基金Supported by a grant from Sanitary Science and Technological Development Foundation of Shandong Province (No. 2003HW015)
文摘Objective: To research the contributions of p130Cas and PTEN signal molecules to the carcinogenesis of gastric carcinoma and the relationship between them. Methods: Detecting proteins of p130Cas, PTEN and PTEN mRNA of 76 cases normal gastric mucosa and 112 cases gastric carcinoma by immunohistochemistry EnVision method and molecular hybridization in situ method respectively. Detecting PTEN genetic mutation of 30 cases normal gastric mucosa, 7 cases early gastric cancer and 30 cases progressive gastric cancer by PCR-SSCP. Results: The expression of p130Cas protein of gastric carcinoma increased significantly than that of normal gastric mucosa (P 〈 0.05).
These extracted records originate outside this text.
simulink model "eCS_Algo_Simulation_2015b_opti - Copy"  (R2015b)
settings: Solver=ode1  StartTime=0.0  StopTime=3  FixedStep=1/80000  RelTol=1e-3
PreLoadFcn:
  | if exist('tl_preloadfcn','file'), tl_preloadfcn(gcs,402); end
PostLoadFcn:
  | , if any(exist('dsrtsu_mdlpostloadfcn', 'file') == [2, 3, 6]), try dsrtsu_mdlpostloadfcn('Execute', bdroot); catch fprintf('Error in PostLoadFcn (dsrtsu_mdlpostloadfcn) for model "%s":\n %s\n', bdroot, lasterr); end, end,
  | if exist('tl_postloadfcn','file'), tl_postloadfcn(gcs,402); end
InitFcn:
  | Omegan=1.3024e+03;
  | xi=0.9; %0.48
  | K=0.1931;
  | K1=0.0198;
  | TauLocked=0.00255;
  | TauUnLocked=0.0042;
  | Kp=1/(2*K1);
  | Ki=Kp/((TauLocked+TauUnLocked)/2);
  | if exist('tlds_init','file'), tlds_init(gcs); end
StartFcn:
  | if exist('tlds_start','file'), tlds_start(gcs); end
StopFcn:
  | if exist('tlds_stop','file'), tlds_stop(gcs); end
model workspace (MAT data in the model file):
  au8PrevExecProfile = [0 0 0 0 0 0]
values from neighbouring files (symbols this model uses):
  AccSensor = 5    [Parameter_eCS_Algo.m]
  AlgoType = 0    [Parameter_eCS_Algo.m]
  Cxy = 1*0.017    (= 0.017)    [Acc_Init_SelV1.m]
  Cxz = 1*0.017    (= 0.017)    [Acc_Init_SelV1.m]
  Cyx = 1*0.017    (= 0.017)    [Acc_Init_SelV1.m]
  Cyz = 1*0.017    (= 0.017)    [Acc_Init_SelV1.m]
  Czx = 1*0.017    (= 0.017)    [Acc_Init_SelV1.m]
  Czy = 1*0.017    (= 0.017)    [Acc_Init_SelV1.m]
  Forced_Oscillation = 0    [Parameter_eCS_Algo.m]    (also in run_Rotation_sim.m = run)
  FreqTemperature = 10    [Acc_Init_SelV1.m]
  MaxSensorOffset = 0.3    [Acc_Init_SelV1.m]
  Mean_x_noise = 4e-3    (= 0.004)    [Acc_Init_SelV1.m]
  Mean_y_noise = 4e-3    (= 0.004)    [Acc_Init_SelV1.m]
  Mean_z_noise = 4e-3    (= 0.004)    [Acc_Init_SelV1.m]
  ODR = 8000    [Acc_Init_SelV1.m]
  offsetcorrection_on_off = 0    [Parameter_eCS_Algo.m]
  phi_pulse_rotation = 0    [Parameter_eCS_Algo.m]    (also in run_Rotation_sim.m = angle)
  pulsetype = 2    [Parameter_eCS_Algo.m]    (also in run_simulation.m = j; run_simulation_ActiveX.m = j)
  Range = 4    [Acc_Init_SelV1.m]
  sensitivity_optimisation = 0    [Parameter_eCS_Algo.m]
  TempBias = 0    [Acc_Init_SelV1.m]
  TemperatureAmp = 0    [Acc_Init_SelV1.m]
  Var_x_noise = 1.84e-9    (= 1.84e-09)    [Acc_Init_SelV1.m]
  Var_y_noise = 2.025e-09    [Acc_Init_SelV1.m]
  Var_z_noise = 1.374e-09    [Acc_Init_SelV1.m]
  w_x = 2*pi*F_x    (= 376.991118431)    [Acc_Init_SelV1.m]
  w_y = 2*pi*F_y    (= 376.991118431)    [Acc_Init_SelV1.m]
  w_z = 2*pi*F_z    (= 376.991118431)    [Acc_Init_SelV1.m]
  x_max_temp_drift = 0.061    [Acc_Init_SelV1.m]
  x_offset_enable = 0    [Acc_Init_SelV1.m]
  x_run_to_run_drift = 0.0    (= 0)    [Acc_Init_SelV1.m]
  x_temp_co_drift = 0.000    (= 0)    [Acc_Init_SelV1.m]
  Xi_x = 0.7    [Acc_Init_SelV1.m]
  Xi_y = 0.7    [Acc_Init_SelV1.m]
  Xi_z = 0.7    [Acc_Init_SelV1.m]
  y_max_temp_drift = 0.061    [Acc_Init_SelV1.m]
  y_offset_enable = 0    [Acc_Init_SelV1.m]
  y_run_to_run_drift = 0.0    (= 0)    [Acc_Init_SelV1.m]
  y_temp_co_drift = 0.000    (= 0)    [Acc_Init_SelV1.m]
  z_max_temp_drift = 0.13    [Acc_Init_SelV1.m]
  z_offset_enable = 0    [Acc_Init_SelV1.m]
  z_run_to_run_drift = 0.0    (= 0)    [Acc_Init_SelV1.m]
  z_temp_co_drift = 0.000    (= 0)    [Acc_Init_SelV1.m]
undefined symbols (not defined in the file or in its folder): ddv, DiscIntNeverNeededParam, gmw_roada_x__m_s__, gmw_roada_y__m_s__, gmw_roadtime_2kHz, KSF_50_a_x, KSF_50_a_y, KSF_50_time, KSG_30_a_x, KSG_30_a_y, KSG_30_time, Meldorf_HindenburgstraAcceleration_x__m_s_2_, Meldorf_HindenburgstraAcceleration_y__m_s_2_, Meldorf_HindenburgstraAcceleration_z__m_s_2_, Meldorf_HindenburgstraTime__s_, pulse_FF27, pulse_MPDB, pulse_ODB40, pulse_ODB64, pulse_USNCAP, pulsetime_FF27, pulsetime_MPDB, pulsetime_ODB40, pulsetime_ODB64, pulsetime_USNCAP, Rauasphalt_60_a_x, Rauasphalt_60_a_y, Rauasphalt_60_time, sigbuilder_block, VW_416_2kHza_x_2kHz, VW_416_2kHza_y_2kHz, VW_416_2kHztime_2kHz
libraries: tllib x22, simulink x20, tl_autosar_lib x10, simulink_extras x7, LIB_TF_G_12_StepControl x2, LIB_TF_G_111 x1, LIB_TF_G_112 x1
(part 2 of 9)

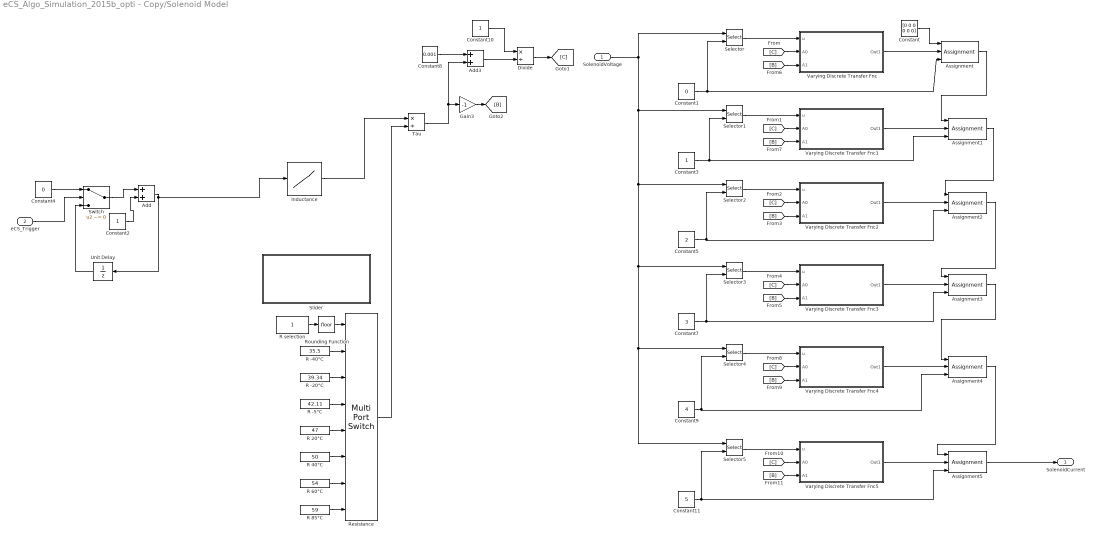
== system eCS_Algo_Simulation_2015b_opti - Copy/Solenoid Model ==
  SolenoidVoltage : Inport
  eCS_Trigger : Inport  Port=2  SampleTime=0.001
  Add : Sum
  Add3 : Sum
  Assignment{,1..5} (6 alike) : Assignment  IndexMode=Zero-based  IndexOptions=Index vector (port)  Indices=1  OutputSizes=1
  Constant : Constant  Value=[0 0 0 0 0 0]
  Constant1 : Constant  Value=0
  Constant10 : Constant
  Constant11 : Constant  Value=5
  Constant2 : Constant
  Constant3 : Constant
  Constant4 : Constant  Value=0
  Constant5 : Constant  Value=2
  Constant7 : Constant  Value=3
  Constant8 : Constant  Value=0.001
  Constant9 : Constant  Value=4
  Divide : Product  Inputs=*/
  Gain3 : Gain  Gain=-1
  Inductance : Lookup_n-D  NumberOfTableDimensions=1  BreakpointsForDimension1=[0 5 10 15 20 25 25.001]  Table=[0.262 0.2108 0.1697 0.1449 0.1286 0.1185 0.1185]  InternalRulePriority=Speed  RndMeth=Simplest  InputSameDT=on
  R -20°C : Constant  Value=39.34
  R -40°C : Constant  Value=35.5
  R -5°C : Constant  Value=42.11
  R 20°C : Constant  Value=47
  R 40°C : Constant  Value=50
  R 60°C : Constant  Value=54
  R 85°C : Constant  Value=59
  R selection : Constant
  Resistance : MultiPortSwitch  Inputs=7
  Rounding Function : Rounding
  Selector{,1..5} (6 alike) : Selector  IndexMode=Zero-based  InputPortWidth=6  IndexOptions=Index vector (port)  Indices=[1 3]  OutputSizes=1
  Slider : Subsystem  DialogController=hmiCreateDDGDialog  IsWebBlock=on  mask(MWDashboardBlock){webBlockId=75143694-038a-4636-9846-8391abf771a2, webBlockType=slider, ShowInLibBrowser=on, ShowInitialText=on, HMISrcModelName=eCS_Algo_Simulation_2015b_opti}
      mask prompts: webBlockId "WebBlock Id"; webBlockType "WebBlock Type"; HMISrcModelName "Source Model"
      mask Help: helpview([docroot '/mapfiles/simulink.map'], 'hmi_slider')
      mask Display:
      | if strcmp(get_param(bdroot(gcb),'BlockDiagramType'), 'library')
      |     image([(matlabroot) '/toolbox/simulink/hmi/icons/Slider.png']);
      | end
  Switch : Switch  Criteria=u2 ~= 0
  Tau : Product  Inputs=*/
  Unit Delay : UnitDelay  SampleTime=-1
  Varying Discrete Transfer Fnc : Subsystem
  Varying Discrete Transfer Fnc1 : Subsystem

Opposite to above, the expression of PTEN protein of gastric carcinoma group was significantly lower than that of normal gastric rnucosa group (P 〈 0.05). The expression of PTEN mRNA of gastric carcinoma group decreased obviously than normal gastric mucosa group (P 〈 0.001). Only one case exon 5 and one case exon 8 of PTEN appeared gene mutation of progressive gastric carcinoma group, the difference has no significance compared with normal gastric mucosa group and early gastric cancer group. Conclusion: The signaling molecules p130Cas and PTEN play an important role in the carcinogenesis of gastric carcinoma, and p130Cas plays the part of promoter, oppositely, maybe PTEN can inhibit it.